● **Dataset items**
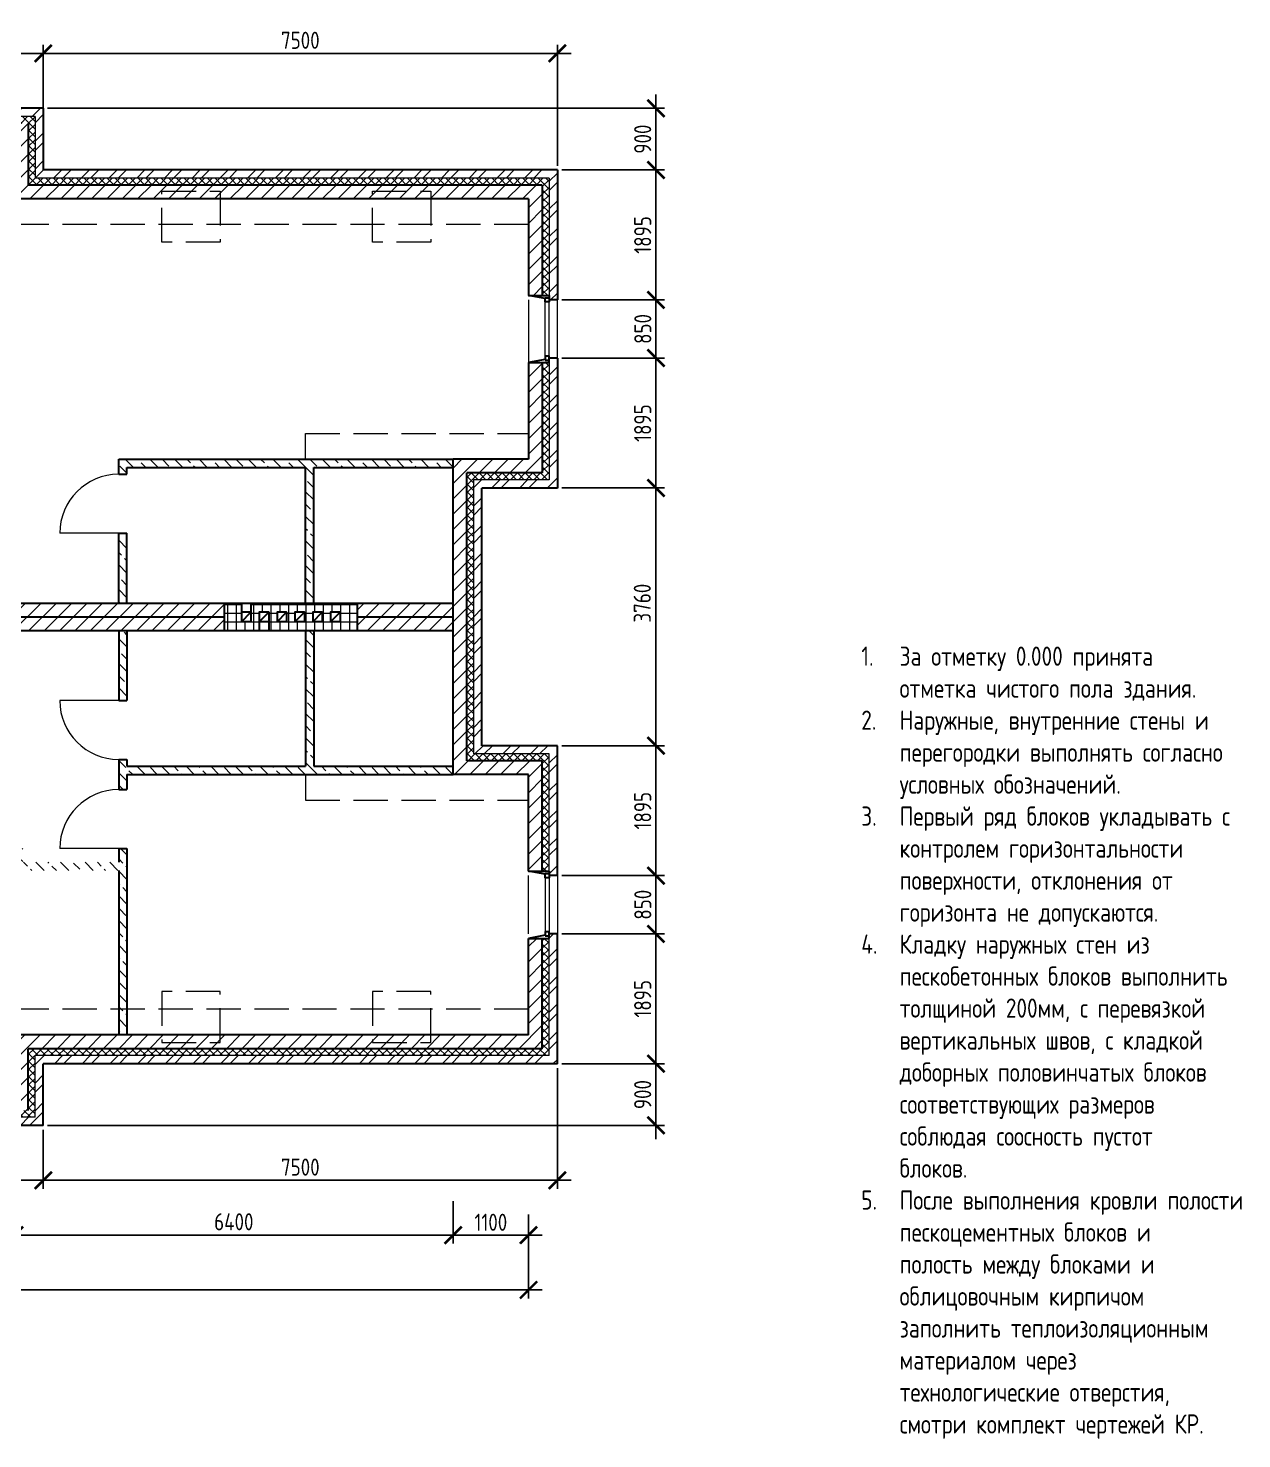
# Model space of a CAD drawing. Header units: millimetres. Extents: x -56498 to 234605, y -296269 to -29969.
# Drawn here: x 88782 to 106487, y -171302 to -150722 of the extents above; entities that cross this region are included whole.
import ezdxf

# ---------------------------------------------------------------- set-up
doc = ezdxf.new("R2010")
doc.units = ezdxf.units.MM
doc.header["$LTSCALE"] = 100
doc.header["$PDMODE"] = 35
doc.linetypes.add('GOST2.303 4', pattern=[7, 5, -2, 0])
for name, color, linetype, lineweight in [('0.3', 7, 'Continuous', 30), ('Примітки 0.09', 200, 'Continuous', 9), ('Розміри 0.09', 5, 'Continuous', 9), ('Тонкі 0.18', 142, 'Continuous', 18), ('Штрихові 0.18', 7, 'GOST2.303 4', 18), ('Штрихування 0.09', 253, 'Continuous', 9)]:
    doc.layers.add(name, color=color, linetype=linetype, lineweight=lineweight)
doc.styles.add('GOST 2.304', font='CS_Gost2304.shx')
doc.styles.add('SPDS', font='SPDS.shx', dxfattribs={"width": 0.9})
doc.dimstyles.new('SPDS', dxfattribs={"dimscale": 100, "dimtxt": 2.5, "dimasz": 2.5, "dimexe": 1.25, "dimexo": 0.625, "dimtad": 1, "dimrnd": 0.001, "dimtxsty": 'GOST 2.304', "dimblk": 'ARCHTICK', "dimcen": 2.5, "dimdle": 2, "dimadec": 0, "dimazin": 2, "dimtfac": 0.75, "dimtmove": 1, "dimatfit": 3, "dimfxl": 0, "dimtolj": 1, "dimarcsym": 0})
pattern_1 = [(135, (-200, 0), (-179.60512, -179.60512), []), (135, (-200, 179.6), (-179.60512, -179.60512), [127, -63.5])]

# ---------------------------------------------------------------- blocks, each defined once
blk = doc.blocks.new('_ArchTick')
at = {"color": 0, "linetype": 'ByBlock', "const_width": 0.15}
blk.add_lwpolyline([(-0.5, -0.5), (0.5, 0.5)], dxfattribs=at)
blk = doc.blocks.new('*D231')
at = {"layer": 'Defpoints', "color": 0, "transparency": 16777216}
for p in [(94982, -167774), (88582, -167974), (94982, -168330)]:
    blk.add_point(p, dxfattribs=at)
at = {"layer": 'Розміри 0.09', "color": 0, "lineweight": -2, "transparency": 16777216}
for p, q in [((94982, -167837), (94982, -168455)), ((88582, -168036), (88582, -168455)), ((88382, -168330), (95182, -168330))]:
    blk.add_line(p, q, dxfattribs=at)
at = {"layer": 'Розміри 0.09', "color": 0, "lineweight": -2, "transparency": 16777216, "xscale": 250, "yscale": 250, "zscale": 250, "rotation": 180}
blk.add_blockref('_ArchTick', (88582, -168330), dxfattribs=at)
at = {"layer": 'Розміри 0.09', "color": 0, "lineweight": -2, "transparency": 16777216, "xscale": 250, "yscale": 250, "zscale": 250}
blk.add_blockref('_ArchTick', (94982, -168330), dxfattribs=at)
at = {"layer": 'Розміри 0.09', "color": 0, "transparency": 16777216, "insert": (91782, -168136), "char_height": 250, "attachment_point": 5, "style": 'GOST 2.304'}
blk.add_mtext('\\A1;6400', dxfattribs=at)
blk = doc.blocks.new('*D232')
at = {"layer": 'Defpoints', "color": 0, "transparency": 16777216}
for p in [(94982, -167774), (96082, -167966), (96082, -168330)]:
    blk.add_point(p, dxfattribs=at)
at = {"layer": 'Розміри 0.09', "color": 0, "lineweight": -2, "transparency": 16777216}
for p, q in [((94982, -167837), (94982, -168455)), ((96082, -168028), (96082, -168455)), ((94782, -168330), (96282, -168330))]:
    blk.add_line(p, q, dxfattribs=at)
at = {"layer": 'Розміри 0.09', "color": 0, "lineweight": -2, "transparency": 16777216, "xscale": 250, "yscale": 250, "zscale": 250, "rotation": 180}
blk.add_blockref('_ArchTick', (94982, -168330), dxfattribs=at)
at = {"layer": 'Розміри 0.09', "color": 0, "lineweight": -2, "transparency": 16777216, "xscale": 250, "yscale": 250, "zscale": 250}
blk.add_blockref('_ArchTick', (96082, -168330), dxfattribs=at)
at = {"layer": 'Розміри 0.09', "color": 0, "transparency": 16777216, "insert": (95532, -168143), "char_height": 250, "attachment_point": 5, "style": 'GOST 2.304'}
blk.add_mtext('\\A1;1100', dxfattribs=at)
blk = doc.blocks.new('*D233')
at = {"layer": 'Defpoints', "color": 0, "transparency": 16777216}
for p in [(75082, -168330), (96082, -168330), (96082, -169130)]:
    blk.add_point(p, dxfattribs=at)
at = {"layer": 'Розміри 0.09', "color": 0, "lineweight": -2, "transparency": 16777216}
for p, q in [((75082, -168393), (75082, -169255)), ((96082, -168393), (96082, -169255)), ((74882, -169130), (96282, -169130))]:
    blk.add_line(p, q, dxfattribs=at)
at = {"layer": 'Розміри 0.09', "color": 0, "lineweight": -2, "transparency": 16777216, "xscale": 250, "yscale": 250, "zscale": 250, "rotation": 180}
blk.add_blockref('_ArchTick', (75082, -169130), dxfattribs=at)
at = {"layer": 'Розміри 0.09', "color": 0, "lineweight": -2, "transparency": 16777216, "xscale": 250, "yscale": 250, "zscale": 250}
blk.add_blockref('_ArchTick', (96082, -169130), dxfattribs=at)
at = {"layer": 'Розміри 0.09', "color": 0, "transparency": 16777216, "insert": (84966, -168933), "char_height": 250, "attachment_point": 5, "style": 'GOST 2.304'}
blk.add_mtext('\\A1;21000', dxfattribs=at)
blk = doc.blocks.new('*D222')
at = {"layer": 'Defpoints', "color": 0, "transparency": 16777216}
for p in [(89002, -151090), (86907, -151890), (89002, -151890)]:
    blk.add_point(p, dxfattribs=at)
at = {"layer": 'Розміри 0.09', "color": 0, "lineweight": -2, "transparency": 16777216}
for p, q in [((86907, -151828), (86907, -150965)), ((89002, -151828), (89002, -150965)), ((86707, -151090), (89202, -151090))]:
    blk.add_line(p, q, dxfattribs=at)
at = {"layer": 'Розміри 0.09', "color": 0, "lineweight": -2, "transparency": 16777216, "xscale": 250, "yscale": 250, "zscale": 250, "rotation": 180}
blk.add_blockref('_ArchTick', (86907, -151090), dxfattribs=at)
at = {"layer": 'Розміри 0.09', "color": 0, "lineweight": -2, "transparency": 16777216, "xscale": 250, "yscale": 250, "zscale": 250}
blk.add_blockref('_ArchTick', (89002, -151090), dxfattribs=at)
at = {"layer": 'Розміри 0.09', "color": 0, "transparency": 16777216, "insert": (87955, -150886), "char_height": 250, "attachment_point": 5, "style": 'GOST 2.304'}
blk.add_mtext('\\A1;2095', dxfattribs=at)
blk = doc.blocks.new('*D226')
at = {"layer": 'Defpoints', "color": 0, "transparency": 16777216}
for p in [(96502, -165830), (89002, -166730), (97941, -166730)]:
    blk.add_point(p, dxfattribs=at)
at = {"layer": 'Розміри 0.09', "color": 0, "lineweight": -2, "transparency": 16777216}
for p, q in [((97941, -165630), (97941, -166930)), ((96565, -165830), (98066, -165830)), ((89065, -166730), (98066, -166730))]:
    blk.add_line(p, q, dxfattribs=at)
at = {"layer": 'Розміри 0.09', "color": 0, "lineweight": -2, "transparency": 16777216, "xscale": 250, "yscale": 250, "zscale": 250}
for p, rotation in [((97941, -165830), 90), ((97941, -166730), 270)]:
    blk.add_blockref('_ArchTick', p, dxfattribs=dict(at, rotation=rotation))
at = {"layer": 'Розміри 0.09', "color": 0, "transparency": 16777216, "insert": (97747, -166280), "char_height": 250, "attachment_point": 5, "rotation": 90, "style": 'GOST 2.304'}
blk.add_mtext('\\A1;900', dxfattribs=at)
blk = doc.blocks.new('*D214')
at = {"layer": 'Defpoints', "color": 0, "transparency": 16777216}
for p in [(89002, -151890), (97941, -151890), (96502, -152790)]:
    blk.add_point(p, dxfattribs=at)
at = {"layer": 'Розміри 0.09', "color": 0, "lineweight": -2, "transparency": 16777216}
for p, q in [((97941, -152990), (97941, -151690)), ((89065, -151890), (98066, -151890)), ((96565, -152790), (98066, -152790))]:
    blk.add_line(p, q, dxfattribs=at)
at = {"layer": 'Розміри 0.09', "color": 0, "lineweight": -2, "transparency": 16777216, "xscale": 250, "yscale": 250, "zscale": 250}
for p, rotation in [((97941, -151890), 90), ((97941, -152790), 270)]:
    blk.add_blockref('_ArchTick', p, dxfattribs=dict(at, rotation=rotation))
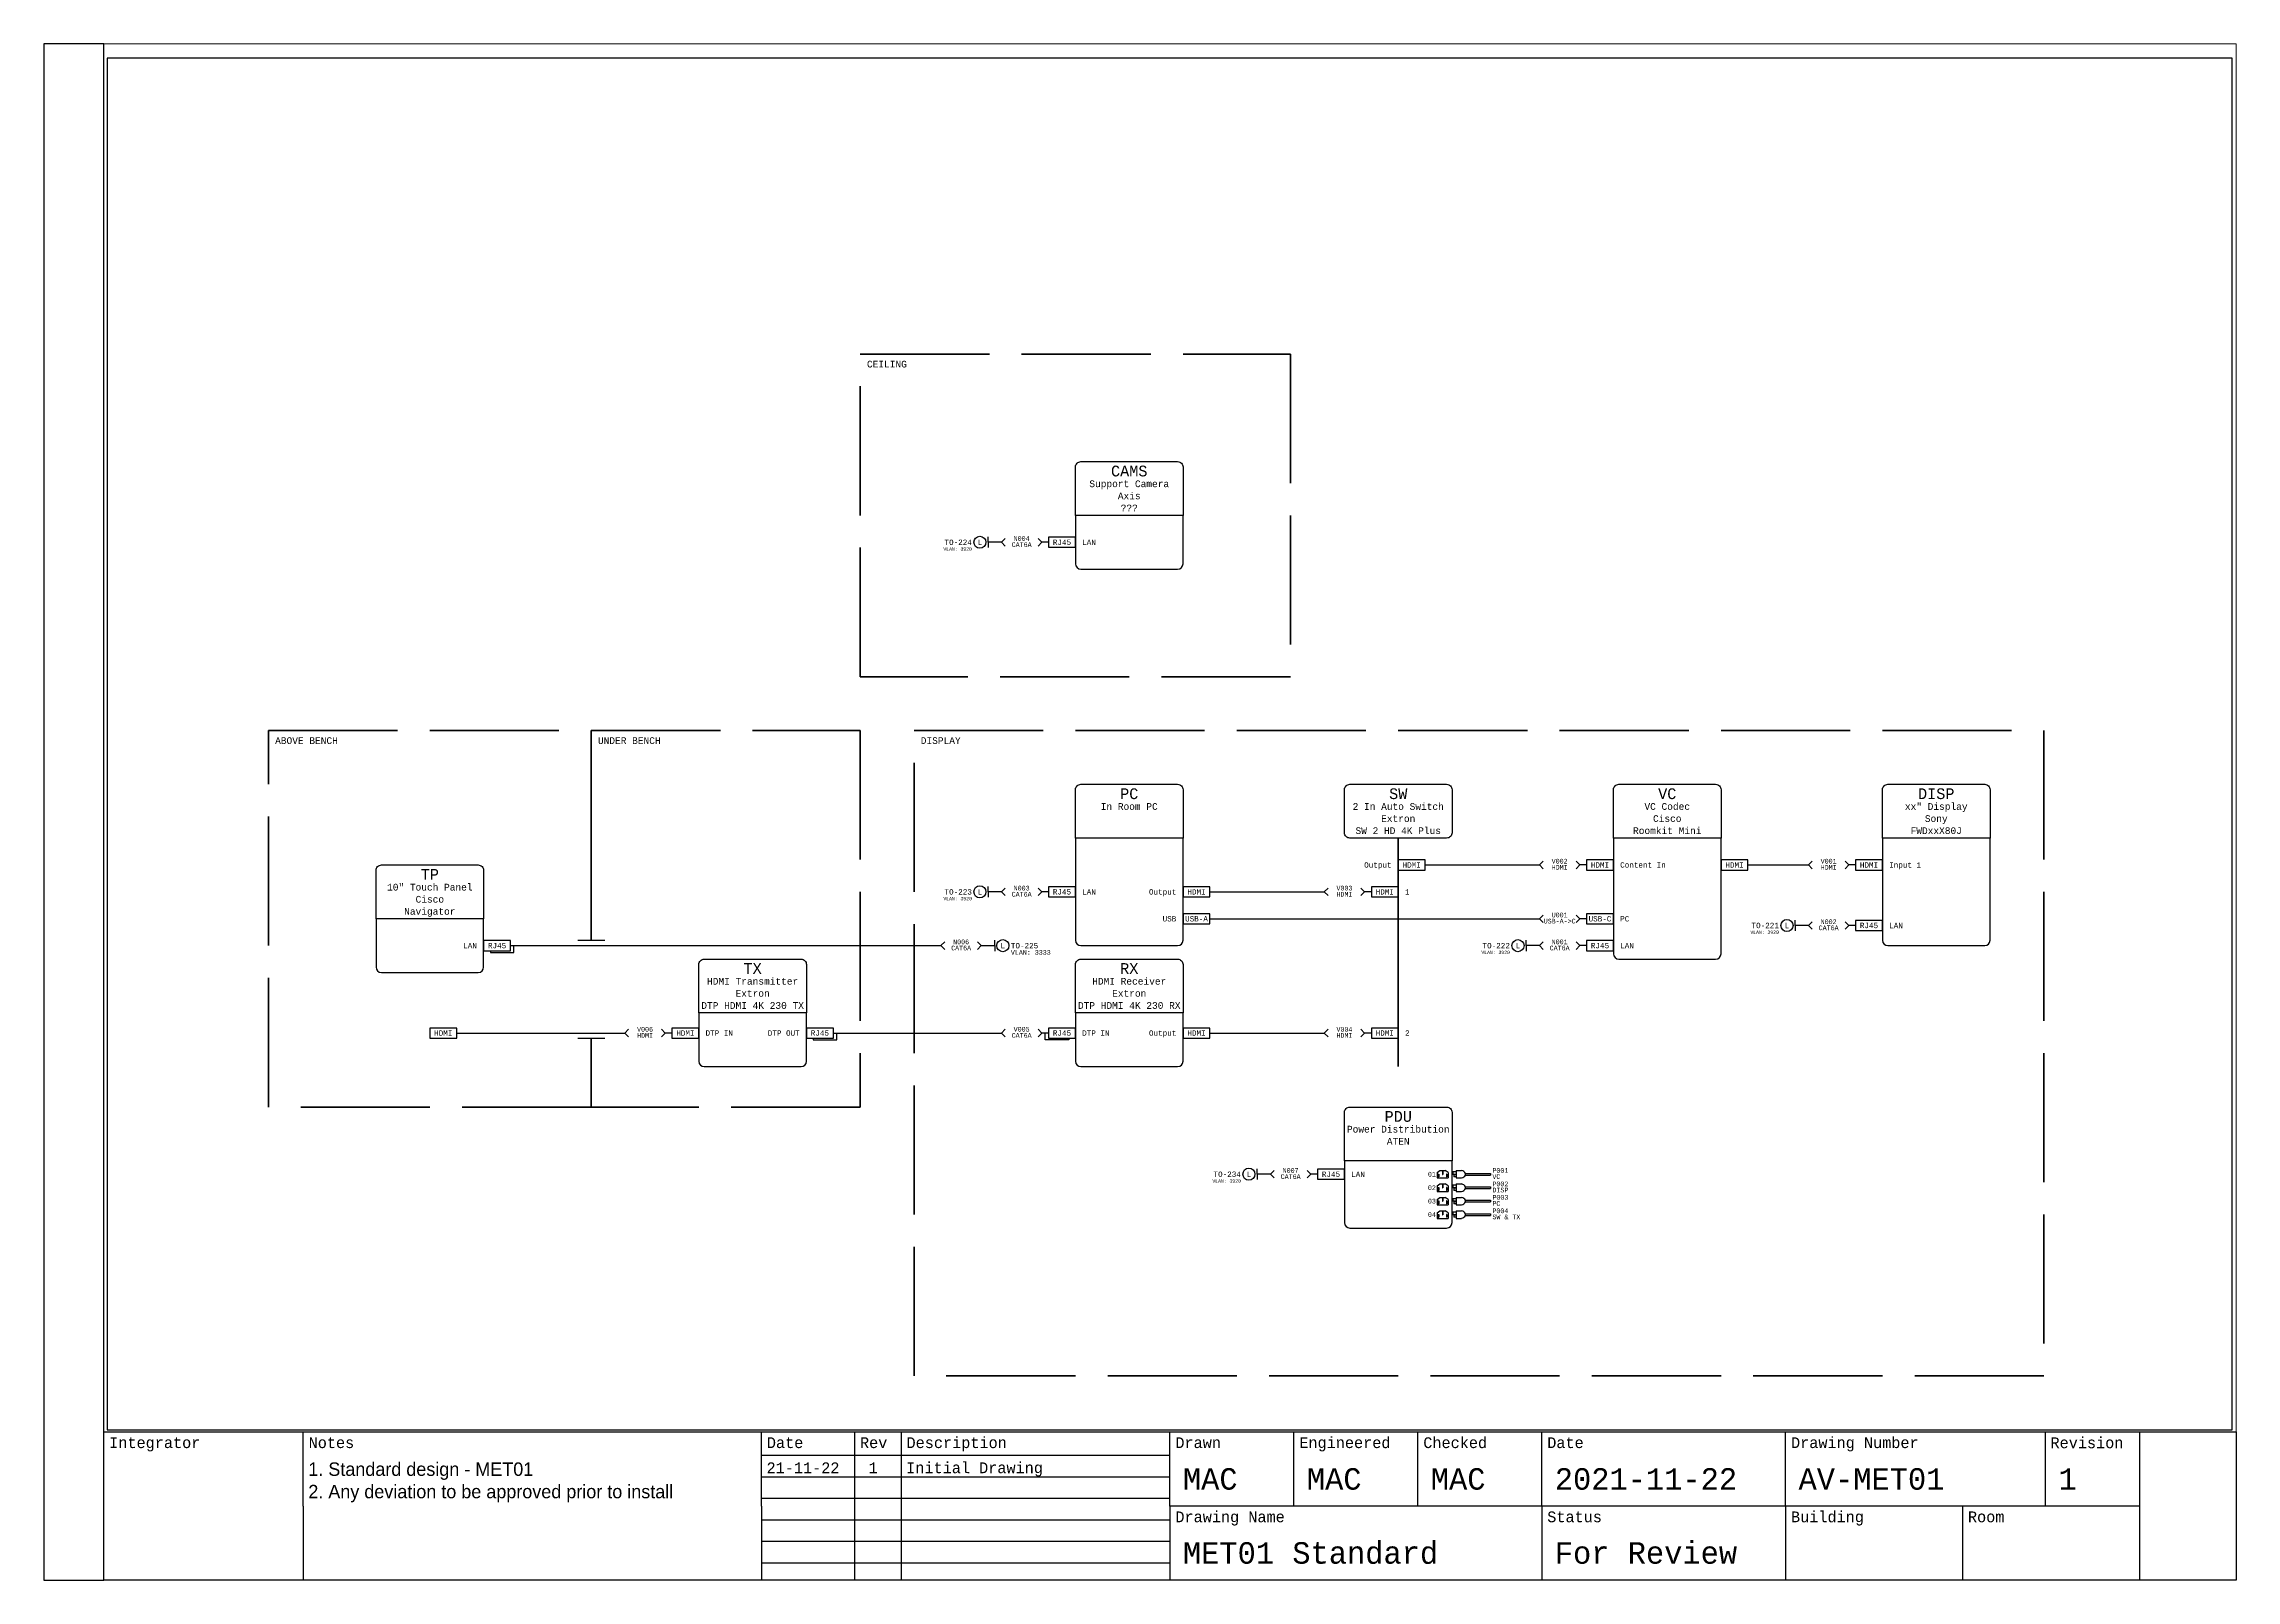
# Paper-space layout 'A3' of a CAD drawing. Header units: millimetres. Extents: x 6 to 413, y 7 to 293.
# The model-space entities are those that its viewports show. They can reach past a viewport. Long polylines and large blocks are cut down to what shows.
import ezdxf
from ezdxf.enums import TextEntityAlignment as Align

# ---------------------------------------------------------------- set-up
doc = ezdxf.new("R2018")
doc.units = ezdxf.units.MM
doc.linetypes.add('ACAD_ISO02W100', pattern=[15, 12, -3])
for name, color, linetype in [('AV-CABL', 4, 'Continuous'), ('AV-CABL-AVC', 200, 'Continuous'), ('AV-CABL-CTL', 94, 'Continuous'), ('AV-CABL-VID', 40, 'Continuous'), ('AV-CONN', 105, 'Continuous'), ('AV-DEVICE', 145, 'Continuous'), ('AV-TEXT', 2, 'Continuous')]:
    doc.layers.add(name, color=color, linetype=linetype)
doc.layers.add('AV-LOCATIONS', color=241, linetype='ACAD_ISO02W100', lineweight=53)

● **INSTRUCTIONS TO FOLLOW**
Please state how many lines in the records contain the word "drawing", and give only that number.

● **ANSWER SPACE**
2